+++ Dataset content

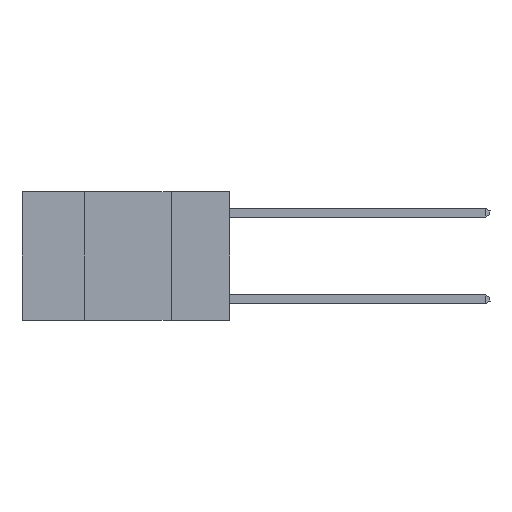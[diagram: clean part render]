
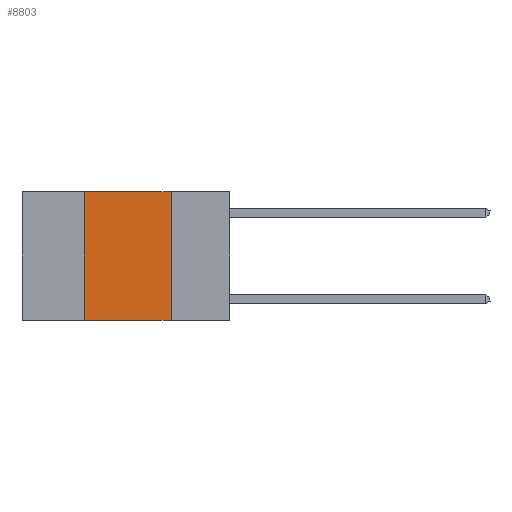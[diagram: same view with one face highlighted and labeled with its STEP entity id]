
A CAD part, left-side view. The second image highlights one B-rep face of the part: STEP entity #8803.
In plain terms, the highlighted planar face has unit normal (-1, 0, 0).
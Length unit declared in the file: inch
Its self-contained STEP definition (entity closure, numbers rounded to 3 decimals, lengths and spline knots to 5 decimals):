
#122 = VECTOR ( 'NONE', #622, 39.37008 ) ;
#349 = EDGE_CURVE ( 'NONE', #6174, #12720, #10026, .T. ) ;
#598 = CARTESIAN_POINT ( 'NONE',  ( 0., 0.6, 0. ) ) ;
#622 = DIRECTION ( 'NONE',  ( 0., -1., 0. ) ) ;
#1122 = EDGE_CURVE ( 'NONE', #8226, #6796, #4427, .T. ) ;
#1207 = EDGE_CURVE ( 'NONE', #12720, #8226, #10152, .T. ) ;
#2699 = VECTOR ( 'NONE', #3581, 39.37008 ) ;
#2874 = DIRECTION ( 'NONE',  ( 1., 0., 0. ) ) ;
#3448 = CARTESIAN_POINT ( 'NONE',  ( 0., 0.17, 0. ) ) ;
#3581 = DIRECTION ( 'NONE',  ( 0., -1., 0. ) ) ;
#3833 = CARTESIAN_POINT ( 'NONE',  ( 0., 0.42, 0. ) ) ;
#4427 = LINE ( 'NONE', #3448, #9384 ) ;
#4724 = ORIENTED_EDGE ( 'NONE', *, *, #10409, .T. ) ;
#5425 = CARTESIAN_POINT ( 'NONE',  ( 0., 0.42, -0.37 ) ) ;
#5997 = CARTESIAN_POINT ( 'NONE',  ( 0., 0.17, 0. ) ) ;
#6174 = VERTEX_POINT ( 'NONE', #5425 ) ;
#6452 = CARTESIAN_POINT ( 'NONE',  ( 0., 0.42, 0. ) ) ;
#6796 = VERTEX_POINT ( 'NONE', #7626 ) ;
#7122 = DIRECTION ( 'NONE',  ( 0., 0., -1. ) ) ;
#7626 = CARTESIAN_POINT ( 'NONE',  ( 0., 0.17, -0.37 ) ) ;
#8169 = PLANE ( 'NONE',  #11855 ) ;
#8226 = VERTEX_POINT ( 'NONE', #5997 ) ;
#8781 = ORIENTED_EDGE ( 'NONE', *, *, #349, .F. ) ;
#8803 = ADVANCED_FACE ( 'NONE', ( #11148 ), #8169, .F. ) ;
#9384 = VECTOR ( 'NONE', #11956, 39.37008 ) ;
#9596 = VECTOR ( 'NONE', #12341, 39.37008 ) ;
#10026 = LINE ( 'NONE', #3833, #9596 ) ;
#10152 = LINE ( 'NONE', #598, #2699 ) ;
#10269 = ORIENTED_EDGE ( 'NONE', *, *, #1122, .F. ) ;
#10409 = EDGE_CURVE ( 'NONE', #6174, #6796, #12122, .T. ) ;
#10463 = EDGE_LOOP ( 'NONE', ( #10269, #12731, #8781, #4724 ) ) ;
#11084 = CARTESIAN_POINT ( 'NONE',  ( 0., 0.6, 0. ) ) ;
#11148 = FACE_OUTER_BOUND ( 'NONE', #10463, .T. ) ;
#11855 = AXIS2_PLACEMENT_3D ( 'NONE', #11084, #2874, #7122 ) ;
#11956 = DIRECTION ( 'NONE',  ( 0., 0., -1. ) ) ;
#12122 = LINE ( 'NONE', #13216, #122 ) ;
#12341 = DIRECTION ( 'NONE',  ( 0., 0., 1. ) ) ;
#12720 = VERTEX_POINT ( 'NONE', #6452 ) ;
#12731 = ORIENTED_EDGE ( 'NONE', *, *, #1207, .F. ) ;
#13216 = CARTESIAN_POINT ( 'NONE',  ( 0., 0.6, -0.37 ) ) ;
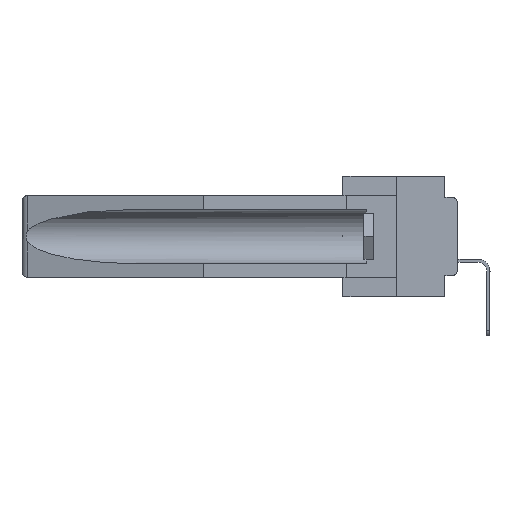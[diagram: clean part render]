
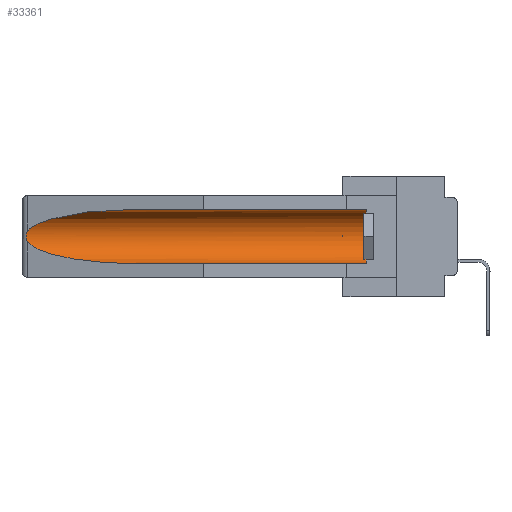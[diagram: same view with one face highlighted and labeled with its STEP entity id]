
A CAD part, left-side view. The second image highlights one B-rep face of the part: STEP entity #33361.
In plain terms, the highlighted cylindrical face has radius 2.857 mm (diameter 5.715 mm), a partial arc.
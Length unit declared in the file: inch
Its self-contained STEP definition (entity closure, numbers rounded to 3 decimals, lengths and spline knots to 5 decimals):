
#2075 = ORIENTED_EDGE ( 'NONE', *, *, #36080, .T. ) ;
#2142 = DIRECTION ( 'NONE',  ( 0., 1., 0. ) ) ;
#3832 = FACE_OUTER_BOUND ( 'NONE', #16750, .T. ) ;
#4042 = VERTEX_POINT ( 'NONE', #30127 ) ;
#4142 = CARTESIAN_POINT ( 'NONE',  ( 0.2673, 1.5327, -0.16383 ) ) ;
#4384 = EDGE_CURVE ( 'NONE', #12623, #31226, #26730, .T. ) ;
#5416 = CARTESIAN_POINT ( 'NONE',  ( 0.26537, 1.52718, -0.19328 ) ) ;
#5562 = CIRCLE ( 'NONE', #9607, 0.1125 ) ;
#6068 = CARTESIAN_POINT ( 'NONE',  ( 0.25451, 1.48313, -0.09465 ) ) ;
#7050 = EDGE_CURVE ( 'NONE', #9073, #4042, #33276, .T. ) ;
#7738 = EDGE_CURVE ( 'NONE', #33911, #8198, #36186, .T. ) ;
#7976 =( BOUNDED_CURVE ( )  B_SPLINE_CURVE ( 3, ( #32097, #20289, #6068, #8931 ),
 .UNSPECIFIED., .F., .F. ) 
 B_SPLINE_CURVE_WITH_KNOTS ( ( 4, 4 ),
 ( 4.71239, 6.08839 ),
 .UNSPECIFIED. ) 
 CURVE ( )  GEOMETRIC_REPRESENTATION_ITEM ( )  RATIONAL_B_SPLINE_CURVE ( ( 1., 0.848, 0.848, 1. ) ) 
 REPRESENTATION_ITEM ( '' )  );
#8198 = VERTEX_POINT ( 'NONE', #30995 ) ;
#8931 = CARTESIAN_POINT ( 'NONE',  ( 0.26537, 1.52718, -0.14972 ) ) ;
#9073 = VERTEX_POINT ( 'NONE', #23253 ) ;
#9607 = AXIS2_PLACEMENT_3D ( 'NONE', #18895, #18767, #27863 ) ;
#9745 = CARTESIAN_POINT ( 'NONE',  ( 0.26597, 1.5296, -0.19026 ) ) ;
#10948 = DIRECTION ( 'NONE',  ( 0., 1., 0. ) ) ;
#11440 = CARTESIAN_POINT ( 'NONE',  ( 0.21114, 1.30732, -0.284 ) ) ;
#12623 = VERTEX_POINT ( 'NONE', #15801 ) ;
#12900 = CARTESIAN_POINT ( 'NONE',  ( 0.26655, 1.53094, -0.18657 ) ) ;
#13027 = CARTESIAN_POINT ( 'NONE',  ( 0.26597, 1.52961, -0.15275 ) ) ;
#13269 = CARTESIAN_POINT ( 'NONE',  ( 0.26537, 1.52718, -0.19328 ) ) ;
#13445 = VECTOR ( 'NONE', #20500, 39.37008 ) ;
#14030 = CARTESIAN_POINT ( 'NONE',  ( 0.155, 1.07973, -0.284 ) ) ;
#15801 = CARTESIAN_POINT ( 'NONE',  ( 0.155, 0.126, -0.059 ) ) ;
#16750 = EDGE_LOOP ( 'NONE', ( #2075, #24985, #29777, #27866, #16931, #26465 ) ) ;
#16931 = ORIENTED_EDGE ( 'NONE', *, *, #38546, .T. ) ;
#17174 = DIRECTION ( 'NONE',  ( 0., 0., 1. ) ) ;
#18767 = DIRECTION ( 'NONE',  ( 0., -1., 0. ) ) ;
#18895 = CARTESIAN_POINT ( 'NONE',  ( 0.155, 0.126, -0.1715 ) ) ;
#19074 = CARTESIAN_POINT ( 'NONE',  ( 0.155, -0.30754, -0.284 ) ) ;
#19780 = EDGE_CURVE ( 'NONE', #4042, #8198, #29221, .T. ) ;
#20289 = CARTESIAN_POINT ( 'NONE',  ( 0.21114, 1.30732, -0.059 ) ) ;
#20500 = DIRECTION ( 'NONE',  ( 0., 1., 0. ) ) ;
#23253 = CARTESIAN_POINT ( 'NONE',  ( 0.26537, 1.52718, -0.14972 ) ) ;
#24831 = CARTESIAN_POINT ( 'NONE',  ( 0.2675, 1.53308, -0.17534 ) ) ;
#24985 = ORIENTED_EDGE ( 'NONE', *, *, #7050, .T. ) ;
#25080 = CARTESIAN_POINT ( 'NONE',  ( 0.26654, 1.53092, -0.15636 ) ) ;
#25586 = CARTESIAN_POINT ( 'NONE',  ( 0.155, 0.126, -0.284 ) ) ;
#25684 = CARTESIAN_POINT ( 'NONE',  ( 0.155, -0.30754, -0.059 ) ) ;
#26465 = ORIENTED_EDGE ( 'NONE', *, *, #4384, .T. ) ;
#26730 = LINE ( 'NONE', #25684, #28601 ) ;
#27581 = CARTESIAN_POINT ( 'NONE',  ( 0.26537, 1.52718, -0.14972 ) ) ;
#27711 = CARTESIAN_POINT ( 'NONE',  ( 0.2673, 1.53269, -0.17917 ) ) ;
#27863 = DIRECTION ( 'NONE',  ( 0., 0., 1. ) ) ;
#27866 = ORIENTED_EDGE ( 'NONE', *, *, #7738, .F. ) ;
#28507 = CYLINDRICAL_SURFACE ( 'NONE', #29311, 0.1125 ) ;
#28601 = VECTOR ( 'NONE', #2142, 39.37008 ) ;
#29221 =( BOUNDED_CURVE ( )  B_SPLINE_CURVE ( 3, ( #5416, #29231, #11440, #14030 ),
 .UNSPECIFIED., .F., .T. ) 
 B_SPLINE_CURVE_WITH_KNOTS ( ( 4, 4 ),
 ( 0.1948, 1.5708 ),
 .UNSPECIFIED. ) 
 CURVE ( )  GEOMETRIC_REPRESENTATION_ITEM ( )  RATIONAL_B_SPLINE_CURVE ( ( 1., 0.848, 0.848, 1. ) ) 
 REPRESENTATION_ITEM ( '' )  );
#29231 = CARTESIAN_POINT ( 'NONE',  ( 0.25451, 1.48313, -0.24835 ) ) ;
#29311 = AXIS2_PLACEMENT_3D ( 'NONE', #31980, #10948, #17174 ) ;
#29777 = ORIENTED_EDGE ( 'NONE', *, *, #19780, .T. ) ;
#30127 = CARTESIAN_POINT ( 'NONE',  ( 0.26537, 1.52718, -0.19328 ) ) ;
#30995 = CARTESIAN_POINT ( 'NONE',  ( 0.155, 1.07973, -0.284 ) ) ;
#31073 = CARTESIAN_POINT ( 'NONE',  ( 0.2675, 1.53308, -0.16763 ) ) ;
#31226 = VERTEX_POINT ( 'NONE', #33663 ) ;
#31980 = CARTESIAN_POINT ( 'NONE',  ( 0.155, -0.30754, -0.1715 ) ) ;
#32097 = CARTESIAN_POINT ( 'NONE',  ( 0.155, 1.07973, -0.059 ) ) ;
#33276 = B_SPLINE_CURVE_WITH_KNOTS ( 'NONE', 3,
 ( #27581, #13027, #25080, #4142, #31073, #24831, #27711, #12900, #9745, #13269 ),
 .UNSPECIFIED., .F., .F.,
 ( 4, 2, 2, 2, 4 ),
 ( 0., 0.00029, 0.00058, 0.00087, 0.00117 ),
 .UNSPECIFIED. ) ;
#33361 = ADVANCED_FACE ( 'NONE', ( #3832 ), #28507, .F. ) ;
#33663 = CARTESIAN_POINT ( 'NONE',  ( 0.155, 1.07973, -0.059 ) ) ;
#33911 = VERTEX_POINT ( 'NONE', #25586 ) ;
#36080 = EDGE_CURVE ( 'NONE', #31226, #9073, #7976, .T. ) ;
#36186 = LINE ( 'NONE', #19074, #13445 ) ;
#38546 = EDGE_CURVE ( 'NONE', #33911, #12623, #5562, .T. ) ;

++++++

→ **Task to complete**
The line with "( 0., 0.00029, 0.00058, 0.00087, 0.00117" and every line after it up to the end of the entries: output those exactly, and only those.

→ **Result**
 ( 0., 0.00029, 0.00058, 0.00087, 0.00117 ),
 .UNSPECIFIED. ) ;
#33361 = ADVANCED_FACE ( 'NONE', ( #3832 ), #28507, .F. ) ;
#33663 = CARTESIAN_POINT ( 'NONE',  ( 0.155, 1.07973, -0.059 ) ) ;
#33911 = VERTEX_POINT ( 'NONE', #25586 ) ;
#36080 = EDGE_CURVE ( 'NONE', #31226, #9073, #7976, .T. ) ;
#36186 = LINE ( 'NONE', #19074, #13445 ) ;
#38546 = EDGE_CURVE ( 'NONE', #33911, #12623, #5562, .T. ) ;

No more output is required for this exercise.